ABOVE & BELOW: Female members of the Mandalay People’s Defense Forces in formation for a flag raising at their base camp; and a recruit carries equipment to fly a drone. PHOTO: AFP
PHOTO: AFP
ABOVE & BELOW: Recruits cooking food by a stove at their base camp in the forest near Namhsan Township in Myanmar’s northern Shan State; and a recruit preparing to release a drone on the frontline. PHOTO: AFP
PHOTO: AFP

“If I drop bombs directly onto a military target I feel very good for the rest of that day. It motivates me,” she said.

“I want more drone missions and to better show what I can do.”

Soe Thuya Zaw, a male soldier in charge of drone operations, said his women comrades had proved to be formidable assets.

“We believe in the ability of women. When we were thinking how would be best to use the abilities of female soldiers, we decided that they would be most suited to the drone force,” he said.

Women in the Mandalay PDF are also performing a range of other duties, including joining patrols and working as medics.
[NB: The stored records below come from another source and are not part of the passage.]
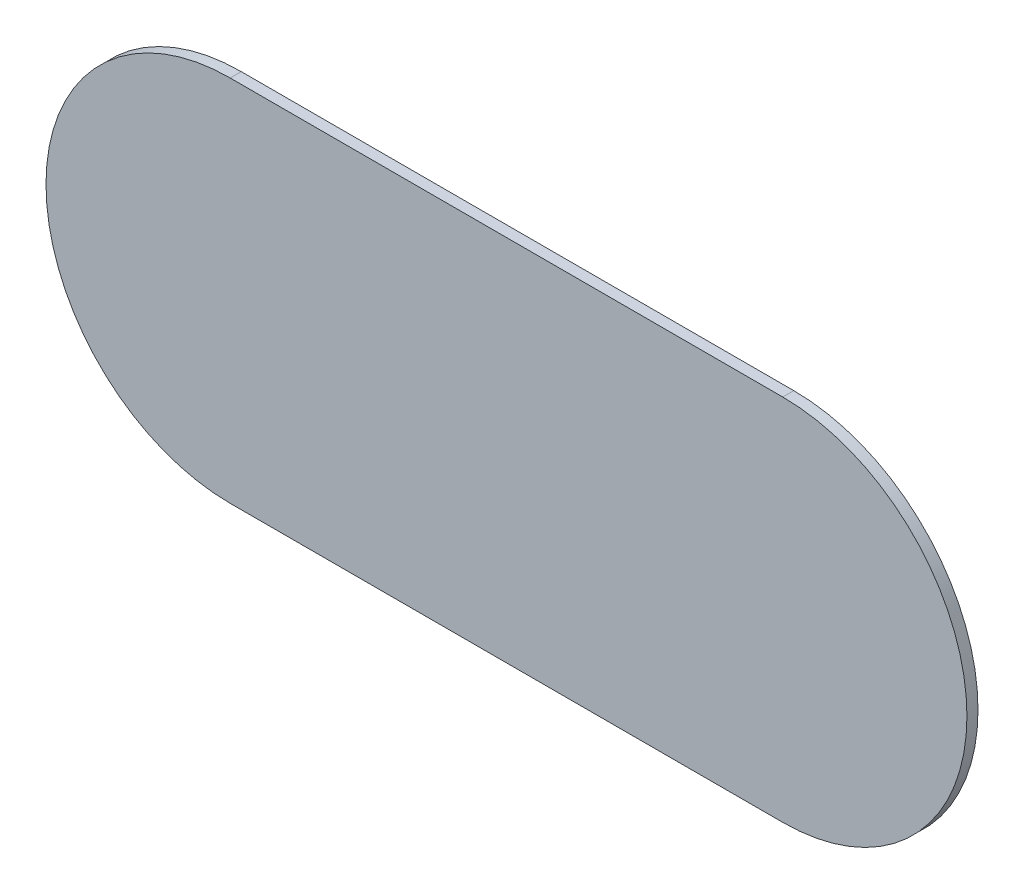
from build123d import *

# Parameters (mm, degrees)
BOSS_EXTRUDE1_DEPTH = 1.5


with BuildPart() as part:
    # Sketch1 → Boss-Extrude1 (new body)
    with BuildSketch(Plane.XY):
        with BuildLine():
            Line((70.992176204, 29.555648471), (145.992176204, 29.555648471))
            ThreePointArc((145.992176204, 29.555648471), (170.992176204, 4.555648471), (145.992176204, -20.444351529))
            Line((145.992176204, -20.444351529), (70.992176204, -20.444351529))
            ThreePointArc((70.992176204, -20.444351529), (45.992176204, 4.555648471), (70.992176204, 29.555648471))
        make_face()
    extrude(amount=BOSS_EXTRUDE1_DEPTH)


solid = part.part
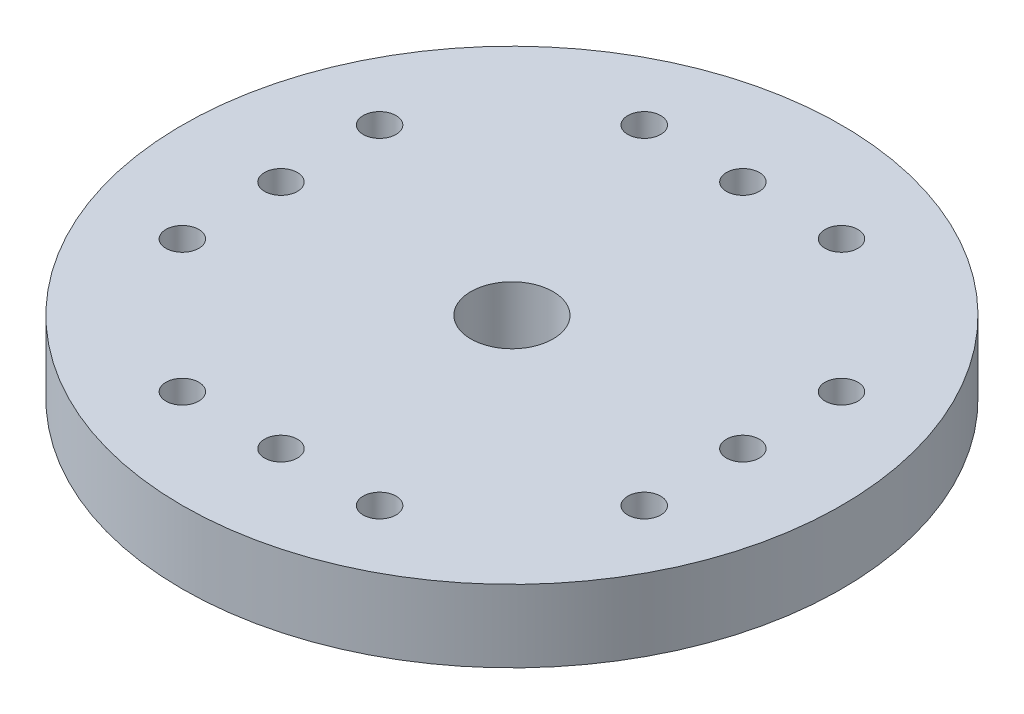
from build123d import *

# Parameters (mm, degrees)
SKETCH1_R           = 10.025
BOSS_EXTRUDE1_DEPTH = 2.2
SKETCH2_R           = 0.5
CUT_EXTRUDE1_DEPTH  = 3.2
SKETCH3_R           = 3.8
BOSS_EXTRUDE2_DEPTH = 3.4
SKETCH4_R           = 3
CUT_EXTRUDE2_DEPTH  = 2.8
SKETCH5_R           = 1.25
CUT_EXTRUDE3_DEPTH  = 3.8


with BuildPart() as part:
    # Sketch1 → Boss-Extrude1 (new body)
    with BuildSketch(Plane(origin=(0, 0, 0), x_dir=(1, 0, 0), z_dir=(0, 1, 0))):
        Circle(SKETCH1_R)
    extrude(amount=BOSS_EXTRUDE1_DEPTH)

    # Sketch2 → Cut-Extrude1 (cut, through all)
    with BuildSketch(Plane.XZ):
        with Locations((-7.025, -3)):
            Circle(SKETCH2_R)
        with Locations((-7.025, 0)):
            Circle(SKETCH2_R)
        with Locations((-7.025, 3)):
            Circle(SKETCH2_R)
        with Locations((-3, 7.025)):
            Circle(SKETCH2_R)
        with Locations((0, 7.025)):
            Circle(SKETCH2_R)
        with Locations((3, 7.025)):
            Circle(SKETCH2_R)
        with Locations((7.025, 3)):
            Circle(SKETCH2_R)
        with Locations((7.025, 0)):
            Circle(SKETCH2_R)
        with Locations((7.025, -3)):
            Circle(SKETCH2_R)
        with Locations((3, -7.025)):
            Circle(SKETCH2_R)
        with Locations((0, -7.025)):
            Circle(SKETCH2_R)
        with Locations((-3, -7.025)):
            Circle(SKETCH2_R)
    extrude(amount=-CUT_EXTRUDE1_DEPTH, mode=Mode.SUBTRACT)

    # Sketch3 → Boss-Extrude2 (add)
    with BuildSketch(Plane(origin=(0, 0, 0), x_dir=(-1, 0, 0), z_dir=(0, -1, 0))):
        Circle(SKETCH3_R)
    extrude(amount=BOSS_EXTRUDE2_DEPTH)

    # Sketch4 → Cut-Extrude2 (cut)
    with BuildSketch(Plane.XZ.offset(3.4)):
        Circle(SKETCH4_R)
    extrude(amount=-CUT_EXTRUDE2_DEPTH, mode=Mode.SUBTRACT)

    # Sketch5 → Cut-Extrude3 (cut, through all)
    with BuildSketch(Plane.XZ.offset(0.6)):
        Circle(SKETCH5_R)
    extrude(amount=-CUT_EXTRUDE3_DEPTH, mode=Mode.SUBTRACT)


solid = part.part

Wearing combat trousers and T-shirts, female recruits go for morning jogs along dirt tracks hurried by the sharp blasts of an instructor’s whistle.

Later they go through a punishing routine of squats and sit-ups before lining up for a meal of rice and meat at the canteen.

Women also work in the adminstration that keeps the Mandalay PDF funded and fed.

At an office table cluttered with laptops and paper, a group of women are busily at work when another whistle blast announces an air raid drill and they run, files in hand, to take shelter in a nearby trench.

In another shelter women sit dismantling and cleaning rifles with rags and oil, keeping the group’s precious arsenal of weapons in good order.

In recent weeks the Mandalay PDF has joined fighting in Shan state driven by an alliance of three ethnic minority groups.

The uptick in clashes means more work for Mandalay PDF’s female medical staff.

At one health post – consisting of a bed placed outside a house alongside a trolley containing a few bottles – a doctor and nurse change a wounded fighter’s dressing.

Back at the camp in the late afternoon sun, several women sit round a camp fire, clothes hanging on lines strung between trees and a clutch of rifles resting against a table.

Two are on patrol duty and pick up their weapons and head out into the forest as the light dwindles.

They are wearing full camouflage fatigues, plus red lipstick that matches the red badges on their uniforms.

As the night settles in, they group by the fire to eat by the light of their phones and talk of home.

It is a place Moe Moe often finds herself thinking about, and especially the people she has left behind.

“Sometimes I miss home,” she said.

“But every time I talked with my mum on the phone she told me ‘my daughter, we are fine, just come back home after the revolution’.”

“When I remember her words, I am fine.”